While this robs the show of some of the structural joys and unalloyed emotional depth the classic musical form provides, it makes sense that these characters would communicate feelings obliquely through composition, allowing Wilde to present catchy, folky rock music with notes of Tom Petty, Chris Isaak and even Dolly Parton.
Tupper plays Suzie, the daughter of two rock-star parents who gradually discovers her own artistic path.Dahlia Katz/Supplied
The ensemble is instantly believable as a family and friends who have played together for many years, with tight harmonies and a practised spontaneity of banter. Penner’s Ashley has a gregarious swagger, teasing his daughter about her “stupid hot boyfriend” while sincerely teaching kindergarteners to be rock stars.
As supporting characters, Joe “Jojo” Bowden as drummer JD Kunkel mainly stays tied to the kit but provides a few quirky wisecracks. Brandon McGibbon as Ashley’s best friend Mickey Mintz sports an air of Zen nonchalance (or drug-induced brain fog?) and a crop top with fringe, one of Ming Wong’s clever rocker-chic costumes helping the band hold on to 1995. Donna’s neurodivergent teen Julian (Shaemus Swets) sharply skewers social graces, but could be more evenly woven into the show’s fabric.
Bouts of mild audience participation may be divisive; I fell somewhere in the middle between being charmed and thinking the device worked more to slow the pace than to underscore the theme of music’s ability to foster connection.
The double casting of Hay and Penner as the loud, fun, but self-centred parents and the more nurturing Donna and her quiet but supportive husband makes for a clever parallel. The mirroring effectively reinforces Napoli’s exploration of Suzie’s need for mentorship as she becomes a teacher. While Donna uses her failing health to encourage Suzie to pursue the higher education Suzie desires, Jean’s terror of aging after forgetting a lyric onstage causes her to use her daughter to keep the band relevant, prioritizing her own dreams.
The heart of the show is Suzie’s relationships with these women, and here the casting shines. Annika Tupper as Suzie is a young artist to watch, comfortable in Suzie’s constant discomfort and ready with a lovely voice and sardonic smile. Deborah Hay is terrific as Suzie’s driven, occasionally cruel mother and as the eccentric who loves Erik Satie’s Gymnopédie No. 1 – tight in body and cool in voice as one, loose and warm as the other. Two standout songs feature Tupper and Hay, one a gorgeous duet about not being beholden to a mother’s dreams and another a heartfelt rock ballad demonstrating Jean’s reluctant acknowledgment that Suzie may one day eclipse her.

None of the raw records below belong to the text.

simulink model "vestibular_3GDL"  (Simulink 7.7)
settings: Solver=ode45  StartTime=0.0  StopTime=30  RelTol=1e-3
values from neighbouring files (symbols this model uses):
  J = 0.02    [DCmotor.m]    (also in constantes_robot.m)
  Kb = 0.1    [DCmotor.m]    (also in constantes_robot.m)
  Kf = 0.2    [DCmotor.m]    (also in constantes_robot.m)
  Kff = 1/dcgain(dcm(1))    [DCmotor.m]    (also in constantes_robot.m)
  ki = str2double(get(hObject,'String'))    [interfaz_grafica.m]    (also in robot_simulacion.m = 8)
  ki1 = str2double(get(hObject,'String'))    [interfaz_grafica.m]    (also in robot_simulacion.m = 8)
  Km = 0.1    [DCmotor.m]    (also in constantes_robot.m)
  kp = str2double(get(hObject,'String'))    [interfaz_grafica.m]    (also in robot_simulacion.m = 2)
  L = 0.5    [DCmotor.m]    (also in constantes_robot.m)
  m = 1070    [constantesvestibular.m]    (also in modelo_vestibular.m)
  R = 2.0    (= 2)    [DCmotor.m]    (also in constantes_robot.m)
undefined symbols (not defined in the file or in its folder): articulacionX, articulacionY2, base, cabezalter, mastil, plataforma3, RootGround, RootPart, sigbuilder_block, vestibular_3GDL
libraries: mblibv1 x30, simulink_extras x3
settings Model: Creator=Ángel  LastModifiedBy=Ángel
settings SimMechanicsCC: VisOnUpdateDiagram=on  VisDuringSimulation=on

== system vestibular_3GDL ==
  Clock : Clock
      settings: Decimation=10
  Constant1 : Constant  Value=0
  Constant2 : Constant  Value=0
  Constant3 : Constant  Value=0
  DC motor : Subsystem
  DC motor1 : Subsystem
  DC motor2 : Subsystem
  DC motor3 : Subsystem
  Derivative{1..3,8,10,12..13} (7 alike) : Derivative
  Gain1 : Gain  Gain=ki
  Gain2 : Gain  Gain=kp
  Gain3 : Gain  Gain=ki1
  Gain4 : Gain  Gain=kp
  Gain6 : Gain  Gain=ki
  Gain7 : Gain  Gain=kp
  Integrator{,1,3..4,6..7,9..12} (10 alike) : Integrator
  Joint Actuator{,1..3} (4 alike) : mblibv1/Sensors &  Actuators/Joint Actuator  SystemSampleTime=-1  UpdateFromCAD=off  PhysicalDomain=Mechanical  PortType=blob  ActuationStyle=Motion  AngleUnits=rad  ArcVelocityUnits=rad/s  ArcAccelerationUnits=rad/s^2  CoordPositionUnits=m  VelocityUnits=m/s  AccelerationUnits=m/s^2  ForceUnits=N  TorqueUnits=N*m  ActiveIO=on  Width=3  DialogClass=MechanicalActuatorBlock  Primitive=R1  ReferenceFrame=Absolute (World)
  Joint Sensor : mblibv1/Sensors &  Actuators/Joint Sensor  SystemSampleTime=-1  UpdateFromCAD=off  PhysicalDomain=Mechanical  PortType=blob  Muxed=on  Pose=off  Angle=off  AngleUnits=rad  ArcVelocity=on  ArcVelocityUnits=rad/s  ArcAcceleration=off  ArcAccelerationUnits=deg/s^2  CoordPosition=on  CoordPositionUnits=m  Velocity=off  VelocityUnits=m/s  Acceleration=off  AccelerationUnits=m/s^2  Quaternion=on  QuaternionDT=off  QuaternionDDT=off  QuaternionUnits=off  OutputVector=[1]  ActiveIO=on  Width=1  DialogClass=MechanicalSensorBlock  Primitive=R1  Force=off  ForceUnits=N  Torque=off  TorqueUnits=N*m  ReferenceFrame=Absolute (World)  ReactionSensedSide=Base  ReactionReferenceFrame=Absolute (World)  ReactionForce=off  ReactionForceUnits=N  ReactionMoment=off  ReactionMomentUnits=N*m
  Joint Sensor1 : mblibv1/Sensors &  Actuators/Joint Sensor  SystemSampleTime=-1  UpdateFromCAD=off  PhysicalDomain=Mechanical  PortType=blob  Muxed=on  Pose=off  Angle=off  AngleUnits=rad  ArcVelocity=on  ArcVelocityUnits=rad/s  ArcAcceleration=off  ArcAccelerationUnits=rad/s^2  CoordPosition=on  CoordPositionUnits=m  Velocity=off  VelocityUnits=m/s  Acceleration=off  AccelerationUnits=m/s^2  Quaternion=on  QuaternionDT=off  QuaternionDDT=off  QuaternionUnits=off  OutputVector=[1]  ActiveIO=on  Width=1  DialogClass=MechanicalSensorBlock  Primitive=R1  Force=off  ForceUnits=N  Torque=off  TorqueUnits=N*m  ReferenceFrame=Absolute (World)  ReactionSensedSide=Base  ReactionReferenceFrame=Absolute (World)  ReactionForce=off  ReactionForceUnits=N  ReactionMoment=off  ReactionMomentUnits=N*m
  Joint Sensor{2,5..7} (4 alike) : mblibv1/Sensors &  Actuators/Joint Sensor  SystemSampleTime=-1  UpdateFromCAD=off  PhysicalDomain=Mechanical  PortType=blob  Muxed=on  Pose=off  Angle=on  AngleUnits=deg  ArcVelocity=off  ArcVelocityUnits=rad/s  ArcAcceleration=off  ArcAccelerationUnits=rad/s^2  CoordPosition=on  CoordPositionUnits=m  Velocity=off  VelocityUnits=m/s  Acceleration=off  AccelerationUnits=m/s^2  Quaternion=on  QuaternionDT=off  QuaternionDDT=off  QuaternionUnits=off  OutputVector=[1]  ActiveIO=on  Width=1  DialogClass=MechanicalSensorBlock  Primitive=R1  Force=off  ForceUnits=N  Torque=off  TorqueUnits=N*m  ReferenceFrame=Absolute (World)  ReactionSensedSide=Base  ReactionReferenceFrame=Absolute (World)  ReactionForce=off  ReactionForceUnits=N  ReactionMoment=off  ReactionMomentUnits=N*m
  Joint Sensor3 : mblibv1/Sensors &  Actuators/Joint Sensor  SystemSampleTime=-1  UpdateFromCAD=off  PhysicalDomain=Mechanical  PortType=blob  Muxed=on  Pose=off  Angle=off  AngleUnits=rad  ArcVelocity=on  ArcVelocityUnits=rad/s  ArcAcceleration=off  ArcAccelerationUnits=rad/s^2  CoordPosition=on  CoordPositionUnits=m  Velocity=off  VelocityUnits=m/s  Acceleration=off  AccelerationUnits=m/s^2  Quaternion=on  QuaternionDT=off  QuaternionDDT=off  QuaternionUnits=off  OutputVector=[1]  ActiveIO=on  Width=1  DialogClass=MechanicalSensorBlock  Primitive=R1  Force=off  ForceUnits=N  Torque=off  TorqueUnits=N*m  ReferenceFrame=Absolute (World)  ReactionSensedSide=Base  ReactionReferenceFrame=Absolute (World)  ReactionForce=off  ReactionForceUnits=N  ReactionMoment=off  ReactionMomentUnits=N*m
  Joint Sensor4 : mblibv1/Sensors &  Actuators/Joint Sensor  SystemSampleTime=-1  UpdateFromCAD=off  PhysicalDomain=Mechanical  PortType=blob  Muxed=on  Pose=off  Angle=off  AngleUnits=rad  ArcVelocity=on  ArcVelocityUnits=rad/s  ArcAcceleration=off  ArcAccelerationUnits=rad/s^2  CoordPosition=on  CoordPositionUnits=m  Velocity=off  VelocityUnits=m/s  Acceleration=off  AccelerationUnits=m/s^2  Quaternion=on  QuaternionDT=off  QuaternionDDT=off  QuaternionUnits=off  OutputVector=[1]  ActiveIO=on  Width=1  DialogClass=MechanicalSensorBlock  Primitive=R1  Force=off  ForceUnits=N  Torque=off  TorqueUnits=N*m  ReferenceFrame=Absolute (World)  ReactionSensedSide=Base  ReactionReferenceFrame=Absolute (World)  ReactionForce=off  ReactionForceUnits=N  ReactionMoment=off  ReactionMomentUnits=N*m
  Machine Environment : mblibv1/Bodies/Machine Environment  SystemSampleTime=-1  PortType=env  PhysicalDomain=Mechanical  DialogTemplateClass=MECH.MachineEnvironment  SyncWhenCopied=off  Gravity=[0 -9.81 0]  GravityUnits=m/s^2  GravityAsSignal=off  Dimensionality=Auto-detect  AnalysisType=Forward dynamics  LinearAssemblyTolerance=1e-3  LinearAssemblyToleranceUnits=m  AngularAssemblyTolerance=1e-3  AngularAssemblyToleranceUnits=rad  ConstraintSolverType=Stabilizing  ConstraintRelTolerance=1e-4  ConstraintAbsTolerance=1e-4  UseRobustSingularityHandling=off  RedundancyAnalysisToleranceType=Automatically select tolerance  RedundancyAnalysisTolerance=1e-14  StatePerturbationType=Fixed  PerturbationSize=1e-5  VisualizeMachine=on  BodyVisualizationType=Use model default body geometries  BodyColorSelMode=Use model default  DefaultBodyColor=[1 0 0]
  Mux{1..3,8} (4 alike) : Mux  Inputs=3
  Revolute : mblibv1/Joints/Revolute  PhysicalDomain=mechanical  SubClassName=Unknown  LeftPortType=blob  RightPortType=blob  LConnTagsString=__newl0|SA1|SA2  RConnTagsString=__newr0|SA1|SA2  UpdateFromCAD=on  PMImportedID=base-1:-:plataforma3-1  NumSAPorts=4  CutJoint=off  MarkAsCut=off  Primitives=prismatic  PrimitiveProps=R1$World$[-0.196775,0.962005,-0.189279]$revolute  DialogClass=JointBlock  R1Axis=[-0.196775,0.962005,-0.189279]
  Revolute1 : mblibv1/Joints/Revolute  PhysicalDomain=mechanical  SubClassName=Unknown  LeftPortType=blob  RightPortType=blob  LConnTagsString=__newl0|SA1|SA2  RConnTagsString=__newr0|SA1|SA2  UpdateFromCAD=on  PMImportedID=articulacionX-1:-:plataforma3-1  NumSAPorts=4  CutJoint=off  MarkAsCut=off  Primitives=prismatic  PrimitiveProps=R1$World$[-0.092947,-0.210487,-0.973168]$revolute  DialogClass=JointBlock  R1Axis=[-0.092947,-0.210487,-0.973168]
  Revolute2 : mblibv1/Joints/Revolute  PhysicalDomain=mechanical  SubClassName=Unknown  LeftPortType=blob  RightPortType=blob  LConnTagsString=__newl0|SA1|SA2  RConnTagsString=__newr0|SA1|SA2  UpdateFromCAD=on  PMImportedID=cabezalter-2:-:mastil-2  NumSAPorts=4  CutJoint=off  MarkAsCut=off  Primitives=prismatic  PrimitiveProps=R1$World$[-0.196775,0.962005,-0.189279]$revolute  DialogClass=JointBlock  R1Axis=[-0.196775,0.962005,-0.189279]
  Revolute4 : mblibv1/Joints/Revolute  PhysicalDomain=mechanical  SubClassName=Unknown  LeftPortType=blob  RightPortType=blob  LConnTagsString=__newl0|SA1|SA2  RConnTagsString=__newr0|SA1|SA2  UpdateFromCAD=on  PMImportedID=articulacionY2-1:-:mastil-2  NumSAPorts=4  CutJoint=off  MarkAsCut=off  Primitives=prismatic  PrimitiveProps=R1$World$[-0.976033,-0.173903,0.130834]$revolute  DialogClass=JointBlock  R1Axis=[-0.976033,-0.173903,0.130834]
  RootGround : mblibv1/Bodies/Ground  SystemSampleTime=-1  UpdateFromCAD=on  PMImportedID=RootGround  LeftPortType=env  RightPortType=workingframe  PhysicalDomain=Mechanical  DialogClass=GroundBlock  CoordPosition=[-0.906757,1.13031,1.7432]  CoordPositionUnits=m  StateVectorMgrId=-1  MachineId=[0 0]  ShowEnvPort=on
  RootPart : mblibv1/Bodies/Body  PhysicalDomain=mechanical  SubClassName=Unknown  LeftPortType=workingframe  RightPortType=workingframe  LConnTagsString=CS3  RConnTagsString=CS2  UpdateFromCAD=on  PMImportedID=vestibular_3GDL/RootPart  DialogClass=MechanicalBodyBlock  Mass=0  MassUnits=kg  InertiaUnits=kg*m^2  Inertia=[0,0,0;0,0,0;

One of the pitfalls of a musical that centres around an artist making an important piece of music is that the tune itself is inevitably disappointing once we actually hear it. After the Rain is not immune to this problem, and it’s not helped when references to a character’s illness seem to serve mainly as an oddly Pavlovian trigger for Suzie’s artistic growth, or by a sudden late switch into metanarrative that isn’t entirely earned.
However, an otherwise satisfying ending successfully sidesteps the issue by presenting the sweet, elegant number as the beginning of an artistic journey, rather than an end.
As After the Rain reminds us, a song may take a few minutes to sing, but a lifetime to discover.